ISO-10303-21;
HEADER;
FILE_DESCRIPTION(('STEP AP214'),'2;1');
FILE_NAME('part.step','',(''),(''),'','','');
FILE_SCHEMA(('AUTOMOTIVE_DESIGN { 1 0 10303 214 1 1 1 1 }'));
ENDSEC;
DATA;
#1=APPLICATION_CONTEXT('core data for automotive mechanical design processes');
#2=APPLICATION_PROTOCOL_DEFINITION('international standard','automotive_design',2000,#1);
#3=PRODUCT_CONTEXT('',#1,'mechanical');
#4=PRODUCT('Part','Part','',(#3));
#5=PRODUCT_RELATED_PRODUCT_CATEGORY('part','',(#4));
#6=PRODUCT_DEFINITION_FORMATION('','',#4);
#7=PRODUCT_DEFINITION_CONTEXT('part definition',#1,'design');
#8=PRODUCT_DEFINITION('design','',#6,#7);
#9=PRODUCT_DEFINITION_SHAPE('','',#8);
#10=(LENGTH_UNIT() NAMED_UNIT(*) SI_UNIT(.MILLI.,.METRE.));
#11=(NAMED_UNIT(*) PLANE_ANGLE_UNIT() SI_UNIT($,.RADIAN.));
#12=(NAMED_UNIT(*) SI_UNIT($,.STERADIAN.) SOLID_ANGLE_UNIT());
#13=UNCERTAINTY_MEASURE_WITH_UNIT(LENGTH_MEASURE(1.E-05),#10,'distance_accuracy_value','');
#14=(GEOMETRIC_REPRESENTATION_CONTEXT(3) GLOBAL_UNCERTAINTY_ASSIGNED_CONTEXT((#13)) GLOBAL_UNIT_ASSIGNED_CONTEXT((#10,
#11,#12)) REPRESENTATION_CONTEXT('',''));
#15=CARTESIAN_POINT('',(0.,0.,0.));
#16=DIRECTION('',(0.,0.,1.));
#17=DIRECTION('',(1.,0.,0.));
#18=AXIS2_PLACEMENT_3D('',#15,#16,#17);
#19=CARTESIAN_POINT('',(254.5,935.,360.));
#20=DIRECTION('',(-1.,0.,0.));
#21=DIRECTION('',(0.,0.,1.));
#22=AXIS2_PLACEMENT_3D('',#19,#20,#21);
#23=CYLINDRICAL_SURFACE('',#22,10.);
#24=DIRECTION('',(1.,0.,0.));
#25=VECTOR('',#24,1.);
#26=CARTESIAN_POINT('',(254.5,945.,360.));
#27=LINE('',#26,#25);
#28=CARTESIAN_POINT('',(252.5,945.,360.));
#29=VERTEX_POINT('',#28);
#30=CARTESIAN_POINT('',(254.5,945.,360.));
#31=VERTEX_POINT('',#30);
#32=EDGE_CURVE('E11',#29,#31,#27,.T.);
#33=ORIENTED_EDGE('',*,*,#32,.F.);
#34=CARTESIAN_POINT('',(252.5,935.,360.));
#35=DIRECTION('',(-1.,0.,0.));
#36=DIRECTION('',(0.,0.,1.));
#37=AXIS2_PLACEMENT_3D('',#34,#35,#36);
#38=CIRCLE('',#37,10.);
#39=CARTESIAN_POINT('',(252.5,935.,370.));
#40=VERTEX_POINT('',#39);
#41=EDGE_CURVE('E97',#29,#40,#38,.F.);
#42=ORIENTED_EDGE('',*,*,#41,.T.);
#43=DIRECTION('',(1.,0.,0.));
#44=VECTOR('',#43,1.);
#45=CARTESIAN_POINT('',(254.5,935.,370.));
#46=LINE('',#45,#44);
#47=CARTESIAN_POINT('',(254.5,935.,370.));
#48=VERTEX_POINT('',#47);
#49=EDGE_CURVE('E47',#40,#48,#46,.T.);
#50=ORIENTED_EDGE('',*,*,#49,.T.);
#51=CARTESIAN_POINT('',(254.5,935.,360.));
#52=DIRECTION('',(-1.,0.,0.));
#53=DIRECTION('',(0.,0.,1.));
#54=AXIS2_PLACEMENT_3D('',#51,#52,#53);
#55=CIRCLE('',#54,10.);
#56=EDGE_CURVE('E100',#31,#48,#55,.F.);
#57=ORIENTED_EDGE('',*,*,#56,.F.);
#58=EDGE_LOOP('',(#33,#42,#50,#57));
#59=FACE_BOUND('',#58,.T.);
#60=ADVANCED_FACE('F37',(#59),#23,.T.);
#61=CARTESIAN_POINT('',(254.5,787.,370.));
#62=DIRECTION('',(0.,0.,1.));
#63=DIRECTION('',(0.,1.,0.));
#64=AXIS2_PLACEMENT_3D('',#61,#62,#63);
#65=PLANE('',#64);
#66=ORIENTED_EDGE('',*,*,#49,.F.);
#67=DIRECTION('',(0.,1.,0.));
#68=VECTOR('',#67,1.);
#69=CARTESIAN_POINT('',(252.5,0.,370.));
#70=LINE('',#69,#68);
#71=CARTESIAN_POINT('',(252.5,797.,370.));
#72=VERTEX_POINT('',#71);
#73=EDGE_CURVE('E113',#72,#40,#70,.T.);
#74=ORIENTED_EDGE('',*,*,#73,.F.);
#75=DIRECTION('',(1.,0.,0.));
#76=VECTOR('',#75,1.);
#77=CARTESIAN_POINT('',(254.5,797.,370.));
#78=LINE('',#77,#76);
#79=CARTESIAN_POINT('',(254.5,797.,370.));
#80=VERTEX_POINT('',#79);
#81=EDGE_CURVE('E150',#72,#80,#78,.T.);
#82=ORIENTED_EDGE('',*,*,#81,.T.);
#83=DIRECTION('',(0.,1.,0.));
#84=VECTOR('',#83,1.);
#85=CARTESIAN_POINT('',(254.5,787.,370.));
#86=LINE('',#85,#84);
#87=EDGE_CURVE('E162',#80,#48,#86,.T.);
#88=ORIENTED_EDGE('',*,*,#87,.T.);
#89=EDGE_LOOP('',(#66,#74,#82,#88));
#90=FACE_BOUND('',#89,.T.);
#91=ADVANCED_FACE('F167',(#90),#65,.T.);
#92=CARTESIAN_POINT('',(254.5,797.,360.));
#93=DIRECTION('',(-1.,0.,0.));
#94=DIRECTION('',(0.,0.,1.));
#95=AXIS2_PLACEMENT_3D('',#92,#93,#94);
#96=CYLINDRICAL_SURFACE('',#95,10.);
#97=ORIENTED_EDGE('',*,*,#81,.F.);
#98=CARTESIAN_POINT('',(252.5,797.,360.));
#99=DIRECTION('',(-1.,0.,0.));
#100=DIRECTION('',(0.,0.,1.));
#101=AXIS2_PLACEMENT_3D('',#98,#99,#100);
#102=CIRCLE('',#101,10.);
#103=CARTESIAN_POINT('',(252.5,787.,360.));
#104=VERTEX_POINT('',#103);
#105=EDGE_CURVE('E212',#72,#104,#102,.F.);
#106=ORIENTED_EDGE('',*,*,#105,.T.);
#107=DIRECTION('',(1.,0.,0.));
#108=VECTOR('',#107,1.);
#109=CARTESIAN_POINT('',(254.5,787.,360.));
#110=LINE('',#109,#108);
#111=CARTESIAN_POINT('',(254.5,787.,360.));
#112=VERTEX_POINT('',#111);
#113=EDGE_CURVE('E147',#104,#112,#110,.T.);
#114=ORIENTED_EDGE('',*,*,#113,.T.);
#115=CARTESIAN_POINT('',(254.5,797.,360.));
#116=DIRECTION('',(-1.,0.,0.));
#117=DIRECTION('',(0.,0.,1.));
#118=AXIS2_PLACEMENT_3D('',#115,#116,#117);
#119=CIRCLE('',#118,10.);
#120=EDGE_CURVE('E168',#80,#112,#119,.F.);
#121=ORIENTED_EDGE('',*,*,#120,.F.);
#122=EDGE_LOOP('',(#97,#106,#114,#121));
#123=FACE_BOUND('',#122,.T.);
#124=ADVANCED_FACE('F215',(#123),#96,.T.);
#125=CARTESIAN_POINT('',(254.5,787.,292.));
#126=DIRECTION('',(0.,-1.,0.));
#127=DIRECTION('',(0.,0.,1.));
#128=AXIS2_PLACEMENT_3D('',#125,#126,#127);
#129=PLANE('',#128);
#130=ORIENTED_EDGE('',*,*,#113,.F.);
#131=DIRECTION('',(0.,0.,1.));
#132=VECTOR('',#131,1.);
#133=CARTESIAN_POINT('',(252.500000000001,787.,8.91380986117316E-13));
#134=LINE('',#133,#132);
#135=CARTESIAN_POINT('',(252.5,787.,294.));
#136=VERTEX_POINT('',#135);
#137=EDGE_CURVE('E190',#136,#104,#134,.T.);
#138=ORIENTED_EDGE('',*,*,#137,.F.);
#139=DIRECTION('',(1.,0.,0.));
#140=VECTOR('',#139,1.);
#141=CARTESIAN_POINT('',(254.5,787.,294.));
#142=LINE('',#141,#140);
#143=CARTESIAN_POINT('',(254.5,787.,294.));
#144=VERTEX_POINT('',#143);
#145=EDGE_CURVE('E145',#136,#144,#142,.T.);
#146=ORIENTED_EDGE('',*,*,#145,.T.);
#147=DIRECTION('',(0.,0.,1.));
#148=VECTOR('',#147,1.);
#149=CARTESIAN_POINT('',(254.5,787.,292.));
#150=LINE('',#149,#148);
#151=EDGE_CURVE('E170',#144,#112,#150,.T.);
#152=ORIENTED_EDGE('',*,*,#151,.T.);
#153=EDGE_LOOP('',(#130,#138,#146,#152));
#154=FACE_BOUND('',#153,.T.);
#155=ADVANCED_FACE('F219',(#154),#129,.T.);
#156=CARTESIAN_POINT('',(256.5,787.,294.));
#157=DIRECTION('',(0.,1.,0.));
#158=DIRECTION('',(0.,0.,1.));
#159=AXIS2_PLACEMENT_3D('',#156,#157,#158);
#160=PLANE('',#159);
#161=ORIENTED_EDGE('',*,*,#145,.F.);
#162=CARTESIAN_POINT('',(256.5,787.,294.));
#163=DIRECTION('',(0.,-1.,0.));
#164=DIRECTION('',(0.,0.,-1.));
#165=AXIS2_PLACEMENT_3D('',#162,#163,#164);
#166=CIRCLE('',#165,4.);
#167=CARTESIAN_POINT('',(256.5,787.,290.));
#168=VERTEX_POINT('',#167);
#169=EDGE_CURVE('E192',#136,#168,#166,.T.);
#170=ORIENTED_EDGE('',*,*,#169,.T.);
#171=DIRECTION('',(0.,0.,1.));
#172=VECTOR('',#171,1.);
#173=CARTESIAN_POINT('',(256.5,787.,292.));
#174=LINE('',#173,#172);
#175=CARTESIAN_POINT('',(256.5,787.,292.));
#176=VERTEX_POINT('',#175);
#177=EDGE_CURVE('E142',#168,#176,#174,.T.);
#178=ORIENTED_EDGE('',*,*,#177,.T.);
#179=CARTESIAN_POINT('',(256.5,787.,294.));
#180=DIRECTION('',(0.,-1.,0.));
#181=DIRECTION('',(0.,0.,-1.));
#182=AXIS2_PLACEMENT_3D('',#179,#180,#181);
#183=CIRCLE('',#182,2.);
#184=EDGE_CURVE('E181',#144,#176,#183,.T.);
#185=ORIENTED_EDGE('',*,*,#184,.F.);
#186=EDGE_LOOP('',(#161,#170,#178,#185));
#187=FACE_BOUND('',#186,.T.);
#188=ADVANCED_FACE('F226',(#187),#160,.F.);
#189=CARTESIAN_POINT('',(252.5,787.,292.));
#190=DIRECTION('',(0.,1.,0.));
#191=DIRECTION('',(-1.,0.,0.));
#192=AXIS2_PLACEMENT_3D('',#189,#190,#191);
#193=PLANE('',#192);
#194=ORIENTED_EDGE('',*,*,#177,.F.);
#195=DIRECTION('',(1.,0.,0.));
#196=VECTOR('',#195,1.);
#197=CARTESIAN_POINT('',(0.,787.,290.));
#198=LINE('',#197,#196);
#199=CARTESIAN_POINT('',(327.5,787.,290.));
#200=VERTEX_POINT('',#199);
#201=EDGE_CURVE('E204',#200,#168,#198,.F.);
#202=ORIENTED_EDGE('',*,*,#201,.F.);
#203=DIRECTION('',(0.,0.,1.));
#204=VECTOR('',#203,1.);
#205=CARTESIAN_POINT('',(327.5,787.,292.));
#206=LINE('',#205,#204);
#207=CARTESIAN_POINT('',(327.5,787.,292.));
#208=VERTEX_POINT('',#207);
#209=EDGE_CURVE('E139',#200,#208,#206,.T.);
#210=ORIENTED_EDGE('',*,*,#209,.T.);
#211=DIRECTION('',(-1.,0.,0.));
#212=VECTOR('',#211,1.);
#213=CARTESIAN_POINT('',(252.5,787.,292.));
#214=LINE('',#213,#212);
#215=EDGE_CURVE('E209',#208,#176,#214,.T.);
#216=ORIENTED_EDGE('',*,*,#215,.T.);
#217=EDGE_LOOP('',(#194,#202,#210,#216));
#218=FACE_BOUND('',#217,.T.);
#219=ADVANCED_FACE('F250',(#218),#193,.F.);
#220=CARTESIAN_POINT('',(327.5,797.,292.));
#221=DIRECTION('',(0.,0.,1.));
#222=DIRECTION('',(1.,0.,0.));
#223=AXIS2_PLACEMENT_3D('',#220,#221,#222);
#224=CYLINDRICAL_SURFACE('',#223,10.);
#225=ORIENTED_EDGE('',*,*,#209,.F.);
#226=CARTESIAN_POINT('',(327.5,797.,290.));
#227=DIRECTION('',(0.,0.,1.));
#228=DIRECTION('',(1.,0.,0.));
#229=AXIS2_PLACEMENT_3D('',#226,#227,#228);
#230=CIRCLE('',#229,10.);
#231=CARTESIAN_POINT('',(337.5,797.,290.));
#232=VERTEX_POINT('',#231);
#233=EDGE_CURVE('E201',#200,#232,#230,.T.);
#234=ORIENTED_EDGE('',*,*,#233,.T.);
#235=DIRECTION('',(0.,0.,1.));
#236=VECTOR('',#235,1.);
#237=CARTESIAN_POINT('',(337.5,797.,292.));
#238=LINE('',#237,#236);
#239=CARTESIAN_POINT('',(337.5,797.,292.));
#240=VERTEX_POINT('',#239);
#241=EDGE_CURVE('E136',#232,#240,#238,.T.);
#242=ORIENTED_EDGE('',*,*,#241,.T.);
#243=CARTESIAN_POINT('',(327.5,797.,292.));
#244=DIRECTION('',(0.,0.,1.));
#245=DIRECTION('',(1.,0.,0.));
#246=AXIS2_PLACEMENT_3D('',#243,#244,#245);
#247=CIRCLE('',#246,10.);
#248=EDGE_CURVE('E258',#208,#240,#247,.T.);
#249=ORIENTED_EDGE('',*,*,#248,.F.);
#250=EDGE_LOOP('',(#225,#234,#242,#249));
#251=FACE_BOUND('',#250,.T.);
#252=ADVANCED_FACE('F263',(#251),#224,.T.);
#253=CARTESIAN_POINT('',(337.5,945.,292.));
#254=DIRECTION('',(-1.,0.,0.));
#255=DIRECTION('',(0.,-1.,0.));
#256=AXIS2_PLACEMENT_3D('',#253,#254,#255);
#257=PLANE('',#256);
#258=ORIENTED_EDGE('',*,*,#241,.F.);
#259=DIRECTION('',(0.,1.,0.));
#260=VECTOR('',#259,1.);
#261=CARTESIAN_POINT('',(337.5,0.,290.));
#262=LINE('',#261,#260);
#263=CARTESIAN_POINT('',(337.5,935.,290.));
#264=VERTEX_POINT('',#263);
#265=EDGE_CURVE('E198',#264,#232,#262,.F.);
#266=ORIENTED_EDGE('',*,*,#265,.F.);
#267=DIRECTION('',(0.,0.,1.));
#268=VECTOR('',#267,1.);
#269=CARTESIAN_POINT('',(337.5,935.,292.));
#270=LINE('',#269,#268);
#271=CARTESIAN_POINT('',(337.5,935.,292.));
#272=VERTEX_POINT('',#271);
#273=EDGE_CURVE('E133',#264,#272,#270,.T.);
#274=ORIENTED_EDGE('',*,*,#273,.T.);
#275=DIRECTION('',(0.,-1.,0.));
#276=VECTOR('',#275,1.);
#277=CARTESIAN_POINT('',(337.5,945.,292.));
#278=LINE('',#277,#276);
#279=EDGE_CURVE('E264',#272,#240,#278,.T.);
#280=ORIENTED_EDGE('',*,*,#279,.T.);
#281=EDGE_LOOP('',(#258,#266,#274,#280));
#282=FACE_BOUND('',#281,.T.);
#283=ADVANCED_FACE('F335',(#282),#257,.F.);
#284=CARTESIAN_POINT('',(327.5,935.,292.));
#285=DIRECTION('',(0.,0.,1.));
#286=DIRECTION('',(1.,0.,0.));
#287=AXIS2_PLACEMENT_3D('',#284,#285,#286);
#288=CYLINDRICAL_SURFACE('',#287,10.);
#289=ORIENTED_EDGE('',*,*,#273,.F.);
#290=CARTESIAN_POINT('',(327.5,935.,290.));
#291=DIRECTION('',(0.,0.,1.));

> [Problem statement]: Return, unchanged, the run of lines above that opens with the line containing "#209=EDGE_CURVE('E139',#200,#208,#206,.T.);" and closes with the line containing "#258=ORIENTED_EDGE('',*,*,#241,.F.);". Include both.

> [Answer below]:
#209=EDGE_CURVE('E139',#200,#208,#206,.T.);
#210=ORIENTED_EDGE('',*,*,#209,.T.);
#211=DIRECTION('',(-1.,0.,0.));
#212=VECTOR('',#211,1.);
#213=CARTESIAN_POINT('',(252.5,787.,292.));
#214=LINE('',#213,#212);
#215=EDGE_CURVE('E209',#208,#176,#214,.T.);
#216=ORIENTED_EDGE('',*,*,#215,.T.);
#217=EDGE_LOOP('',(#194,#202,#210,#216));
#218=FACE_BOUND('',#217,.T.);
#219=ADVANCED_FACE('F250',(#218),#193,.F.);
#220=CARTESIAN_POINT('',(327.5,797.,292.));
#221=DIRECTION('',(0.,0.,1.));
#222=DIRECTION('',(1.,0.,0.));
#223=AXIS2_PLACEMENT_3D('',#220,#221,#222);
#224=CYLINDRICAL_SURFACE('',#223,10.);
#225=ORIENTED_EDGE('',*,*,#209,.F.);
#226=CARTESIAN_POINT('',(327.5,797.,290.));
#227=DIRECTION('',(0.,0.,1.));
#228=DIRECTION('',(1.,0.,0.));
#229=AXIS2_PLACEMENT_3D('',#226,#227,#228);
#230=CIRCLE('',#229,10.);
#231=CARTESIAN_POINT('',(337.5,797.,290.));
#232=VERTEX_POINT('',#231);
#233=EDGE_CURVE('E201',#200,#232,#230,.T.);
#234=ORIENTED_EDGE('',*,*,#233,.T.);
#235=DIRECTION('',(0.,0.,1.));
#236=VECTOR('',#235,1.);
#237=CARTESIAN_POINT('',(337.5,797.,292.));
#238=LINE('',#237,#236);
#239=CARTESIAN_POINT('',(337.5,797.,292.));
#240=VERTEX_POINT('',#239);
#241=EDGE_CURVE('E136',#232,#240,#238,.T.);
#242=ORIENTED_EDGE('',*,*,#241,.T.);
#243=CARTESIAN_POINT('',(327.5,797.,292.));
#244=DIRECTION('',(0.,0.,1.));
#245=DIRECTION('',(1.,0.,0.));
#246=AXIS2_PLACEMENT_3D('',#243,#244,#245);
#247=CIRCLE('',#246,10.);
#248=EDGE_CURVE('E258',#208,#240,#247,.T.);
#249=ORIENTED_EDGE('',*,*,#248,.F.);
#250=EDGE_LOOP('',(#225,#234,#242,#249));
#251=FACE_BOUND('',#250,.T.);
#252=ADVANCED_FACE('F263',(#251),#224,.T.);
#253=CARTESIAN_POINT('',(337.5,945.,292.));
#254=DIRECTION('',(-1.,0.,0.));
#255=DIRECTION('',(0.,-1.,0.));
#256=AXIS2_PLACEMENT_3D('',#253,#254,#255);
#257=PLANE('',#256);
#258=ORIENTED_EDGE('',*,*,#241,.F.);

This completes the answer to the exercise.